*TO DO*
Please count every line of the following material that holds "units" and give the total alone.

*DATA SHOWN*
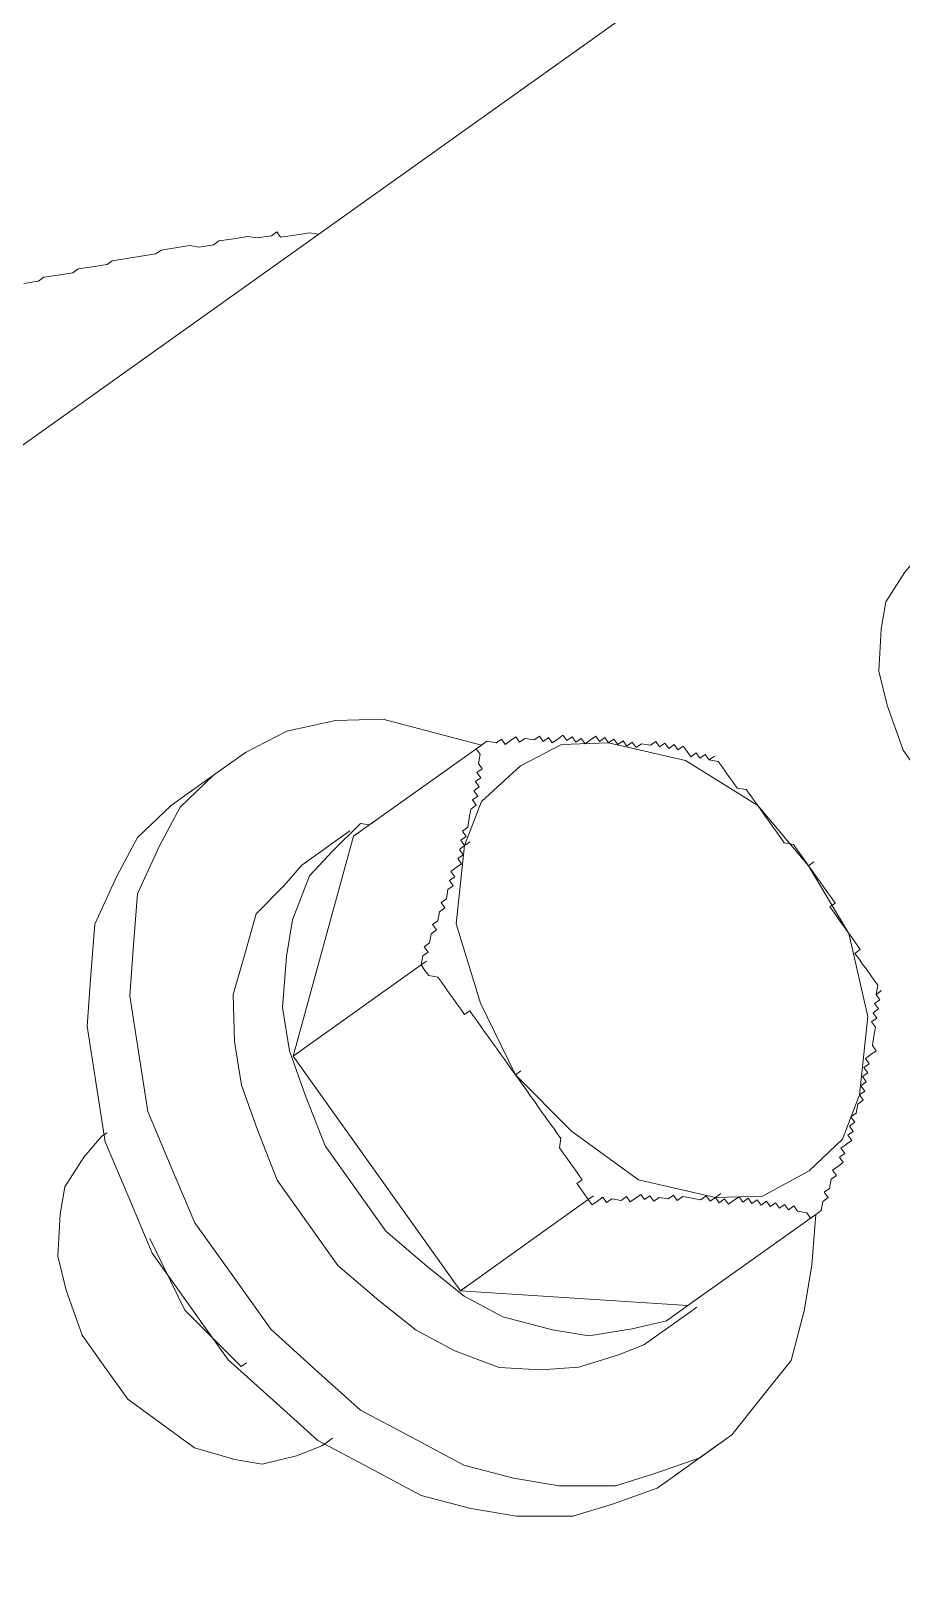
# Model space of a CAD drawing. Header units: feet. Extents: x 2321988 to 2329858, y 6722724 to 6730499.
# Drawn here: x 2326067.0896 to 2326067.1976, y 6726849.0237 to 6726849.2165 of the extents above; entities that cross this region are included whole.
import ezdxf

# ---------------------------------------------------------------- set-up
doc = ezdxf.new("R2010")
doc.units = ezdxf.units.FT
doc.header["$MEASUREMENT"] = 0
doc.layers.add('C-BESS-EQUIPMENT', color=255, linetype='Continuous')

# ---------------------------------------------------------------- blocks, each defined once
blk = doc.blocks.new('*U57')
blk.add_wipeout([(464, -67.5), (464, 67.5), (472, 67.5), (472, -67.5)]).dxf.layer = 'C-BESS-EQUIPMENT'
blk = doc.blocks.new('Midpoint Site Plan$0$A$C71e53a02')
at = {"lineweight": 9}
for points in [[(16.7707, 2.2462), (16.7609, 2.2559), (16.7414, 2.2656), (16.7219, 2.2754), (16.7219, 2.2851), (16.7122, 2.2851), (16.6927, 2.2949), (16.683, 2.3046), (16.6635, 2.3144), (16.644, 2.3241), (16.6342, 2.3241), (16.6147, 2.3339), (16.605, 2.3436), (16.5855, 2.3533), (16.566, 2.3631), (16.5563, 2.3631), (16.5368, 2.3728), (16.5173, 2.3826), (16.4978, 2.3923), (16.4881, 2.3923), (16.4686, 2.4021), (16.4491, 2.4118), (16.4393, 2.4118), (16.4198, 2.4216), (16.4004, 2.4313), (16.3906, 2.4313), (16.3711, 2.4411)], [(21.8184, 2.2462), (21.8087, 2.2462), (14.9971, 2.2462), (14.9971, -2.2559), (15.0069, -2.2559), (14.9971, -2.2559), (14.734, -2.2559)], [(16.1275, 1.681), (16.0983, 1.681), (16.0301, 1.6712), (15.9716, 1.642), (15.9034, 1.603), (15.8547, 1.5445), (15.8059, 1.4861), (15.767, 1.4081), (15.728, 1.3302), (15.7085, 1.2425), (15.689, 1.1547), (15.689, 1.0573), (15.689, 0.9599), (15.7085, 0.8722), (15.728, 0.7844), (15.767, 0.7065), (15.8059, 0.6285), (15.8547, 0.5701), (15.9034, 0.5213), (15.9716, 0.4726), (16.0301, 0.4531), (16.0983, 0.4336), (16.1275, 0.4336), (16.2055, 0.4336), (16.2152, 0.4336)], [(16.2932, 1.4861), (16.527, 1.4861), (16.4783, 1.5445), (16.4296, 1.603), (16.3711, 1.642), (16.3029, 1.6712), (16.2347, 1.681), (16.1762, 1.681), (16.108, 1.6712), (16.0495, 1.642), (15.9813, 1.603), (15.9326, 1.5445), (15.8839, 1.4861), (15.8449, 1.4081), (15.8059, 1.3302), (15.7864, 1.2425), (15.767, 1.1547), (15.767, 1.0573), (15.767, 0.9599), (15.7864, 0.8722), (15.8059, 0.7844), (15.8449, 0.7065), (15.8839, 0.6285), (15.9326, 0.5701), (15.9813, 0.5213), (16.0495, 0.4726), (16.108, 0.4531), (16.1762, 0.4336), (16.2347, 0.4336), (16.3029, 0.4531), (16.3711, 0.4726), (16.4296, 0.5213), (16.4783, 0.5701), (16.527, 0.6285), (16.5368, 0.6285), (16.527, 0.6285), (16.2932, 0.6285), (16.0301, 0.8429), (16.0398, 0.8429)], [(16.2055, 1.681), (16.1275, 1.681), (16.1372, 1.681)], [(16.2932, 1.4958), (16.2055, 1.4958), (16.2152, 1.4958), (16.2055, 1.4958), (16.1665, 1.4861), (16.108, 1.4763), (16.0593, 1.4373), (16.0106, 1.3984), (15.9716, 1.3399), (15.9424, 1.2814), (15.9229, 1.2132), (15.9034, 1.1353), (15.9034, 1.0573), (15.9034, 0.9793), (15.9229, 0.9014), (15.9424, 0.8332), (15.9716, 0.7747), (16.0106, 0.7162), (16.0593, 0.6773), (16.108, 0.648), (16.1665, 0.6285), (16.2055, 0.6188), (16.2932, 0.6188), (16.3029, 0.6188)], [(16.3224, 0.6285), (16.3127, 0.6285), (16.2542, 0.6285), (16.2055, 0.648), (16.147, 0.6773), (16.108, 0.7162), (16.0593, 0.7747), (16.0301, 0.8332), (16.0106, 0.9014), (15.9911, 0.9793), (15.9911, 1.0573), (15.9911, 1.1353), (16.0106, 1.2132), (16.0301, 1.2814), (16.0593, 1.3399), (16.108, 1.3984), (16.147, 1.4373), (16.2055, 1.4763), (16.2542, 1.4861), (16.3127, 1.4958), (16.3224, 1.4861), (16.3321, 1.4861)], [(16.3029, 1.4861), (16.2932, 1.4861), (16.0301, 1.2717), (16.2639, 1.2717), (16.2737, 1.2717), (16.2639, 1.2717)], [(16.7901, 1.2717), (16.7901, 1.2814), (16.7804, 1.2814), (16.7804, 1.2912), (16.7707, 1.2912), (16.7707, 1.3009), (16.7707, 1.3107), (16.7609, 1.3107), (16.7609, 1.3204), (16.7512, 1.3204), (16.7512, 1.3302), (16.7414, 1.3302), (16.7414, 1.3399), (16.7317, 1.3399), (16.7219, 1.3496), (16.7122, 1.3496), (16.7122, 1.3594), (16.7024, 1.3594), (16.7024, 1.3691), (16.6927, 1.3691), (16.6927, 1.3789), (16.683, 1.3789), (16.683, 1.3886), (16.6732, 1.3886), (16.6732, 1.3984), (16.6635, 1.3984), (16.6537, 1.3984), (16.6537, 1.4081), (16.644, 1.4081), (16.644, 1.4179), (16.6342, 1.4179), (16.6342, 1.4276), (16.6245, 1.4276), (16.6147, 1.4276), (16.6147, 1.4373), (16.605, 1.4373), (16.605, 1.4471), (16.5953, 1.4471), (16.5855, 1.4568), (16.5758, 1.4568), (16.5758, 1.4666), (16.566, 1.4666), (16.5563, 1.4666), (16.5563, 1.4763), (16.5465, 1.4763), (16.5368, 1.4861), (16.527, 1.4861), (16.5368, 1.4861), (16.527, 1.4861), (16.5173, 1.4861), (16.5173, 1.4763), (16.5075, 1.4666), (16.5075, 1.4568), (16.4978, 1.4568), (16.4978, 1.4471), (16.4881, 1.4471), (16.4881, 1.4373), (16.4783, 1.4373), (16.4783, 1.4276), (16.4686, 1.4276), (16.4686, 1.4179), (16.4588, 1.4179), (16.4491, 1.4081), (16.4393, 1.3984), (16.4296, 1.3984), (16.4296, 1.3886), (16.4198, 1.3886), (16.4198, 1.3789), (16.4296, 1.3789), (16.4198, 1.3789), (16.4783, 1.4179), (16.5563, 1.4276), (16.6245, 1.4179), (16.683, 1.3789), (16.7609, 1.2912), (16.8096, 1.1742), (16.8194, 1.0573), (16.8096, 0.9404), (16.8096, 0.9306), (16.8096, 0.9209), (16.8096, 0.9111), (16.7999, 0.9111), (16.7999, 0.9014), (16.7999, 0.8916), (16.7999, 0.8819), (16.7999, 0.8722), (16.7999, 0.8624), (16.7999, 0.8527), (16.7901, 0.8429)], [(16.527, 1.4861), (16.527, 1.4861)], [(16.527, 1.4861), (16.527, 1.4861)], [(16.5075, 1.4666), (16.5075, 1.4666)], [(16.5075, 1.4666), (16.5075, 1.4666)], [(16.5075, 1.4666), (16.5075, 1.4666)], [(16.5075, 1.4666), (16.5075, 1.4666)], [(16.5075, 1.4666), (16.5075, 1.4666)], [(16.5075, 1.4666), (16.5075, 1.4666)], [(16.5075, 1.4666), (16.5075, 1.4666)], [(16.5173, 1.4763), (16.5173, 1.4763)], [(16.5173, 1.4763), (16.5173, 1.4763)], [(16.5173, 1.4763), (16.5173, 1.4763)], [(16.5173, 1.4763), (16.5173, 1.4763)], [(16.5173, 1.4763), (16.5173, 1.4763)], [(16.5465, 1.4763), (16.5465, 1.4763)], [(16.5563, 1.4763), (16.5563, 1.4763)], [(16.566, 1.4666), (16.566, 1.4666)], [(16.566, 1.4666), (16.566, 1.4666)], [(16.566, 1.4666), (16.566, 1.4666)], [(16.4783, 1.4373), (16.4783, 1.4373)], [(16.4783, 1.4373), (16.4783, 1.4373)], [(16.4783, 1.4373), (16.4783, 1.4373)], [(16.4783, 1.4373), (16.4783, 1.4373)], [(16.4783, 1.4373), (16.4783, 1.4373)], [(16.4783, 1.4373), (16.4783, 1.4373)], [(16.4783, 1.4373), (16.4783, 1.4373)], [(16.4783, 1.4373), (16.4783, 1.4373)], [(16.4881, 1.4471), (16.4881, 1.4471)], [(16.4881, 1.4471), (16.4881, 1.4471)], [(16.4881, 1.4471), (16.4881, 1.4471)], [(16.4881, 1.4471), (16.4881, 1.4471)], [(16.4881, 1.4471), (16.4881, 1.4471)], [(16.4881, 1.4471), (16.4881, 1.4471)], [(16.4881, 1.4471), (16.4881, 1.4471)], [(16.4881, 1.4471), (16.4881, 1.4471)], [(16.4881, 1.4471), (16.4881, 1.4471)], [(16.4881, 1.4373), (16.4881, 1.4373)], [(16.4978, 1.4568), (16.4978, 1.4568)], [(16.4978, 1.4568), (16.4978, 1.4568)], [(16.4978, 1.4568), (16.4978, 1.4568)], [(16.4978, 1.4568), (16.4978, 1.4568)], [(16.4978, 1.4568), (16.4978, 1.4568)], [(16.4978, 1.4568), (16.4978, 1.4568)], [(16.4978, 1.4568), (16.4978, 1.4568)], [(16.4978, 1.4568), (16.4978, 1.4568)], [(16.4978, 1.4568), (16.4978, 1.4568)], [(16.4978, 1.4568), (16.4978, 1.4568)], [(16.4978, 1.4471), (16.4978, 1.4471)], [(16.5758, 1.4568), (16.5758, 1.4568)], [(16.5855, 1.4568), (16.5855, 1.4568)], [(16.5855, 1.4568), (16.5855, 1.4568)], [(16.5855, 1.4568), (16.5855, 1.4568)], [(16.5953, 1.4471), (16.5953, 1.4471)], [(16.5953, 1.4471), (16.5953, 1.4471)], [(16.5953, 1.4471), (16.5953, 1.4471)], [(16.605, 1.4471), (16.605, 1.4471)], [(16.605, 1.4373), (16.605, 1.4373)], [(16.6147, 1.4373), (16.6147, 1.4373)], [(16.6147, 1.4373), (16.6147, 1.4373)], [(16.4588, 1.4179), (16.4588, 1.4179)], [(16.4588, 1.4179), (16.4588, 1.4179)], [(16.4588, 1.4179), (16.4588, 1.4179)], [(16.4588, 1.4179), (16.4588, 1.4179)], [(16.4588, 1.4179), (16.4588, 1.4179)], [(16.4588, 1.4179), (16.4588, 1.4179)], [(16.4588, 1.4179), (16.4588, 1.4179)], [(16.4588, 1.4179), (16.4588, 1.4179)], [(16.4588, 1.4179), (16.4588, 1.4179)], [(16.4686, 1.4276), (16.4686, 1.4276)], [(16.4686, 1.4276), (16.4686, 1.4276)], [(16.4686, 1.4276), (16.4686, 1.4276)], [(16.4686, 1.4276), (16.4686, 1.4276)], [(16.4686, 1.4276), (16.4686, 1.4276)], [(16.4686, 1.4276), (16.4686, 1.4276)], [(16.4686, 1.4276), (16.4686, 1.4276)], [(16.4686, 1.4276), (16.4686, 1.4276)], [(16.4686, 1.4276), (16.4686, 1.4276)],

*SOLVED EXERCISE*
2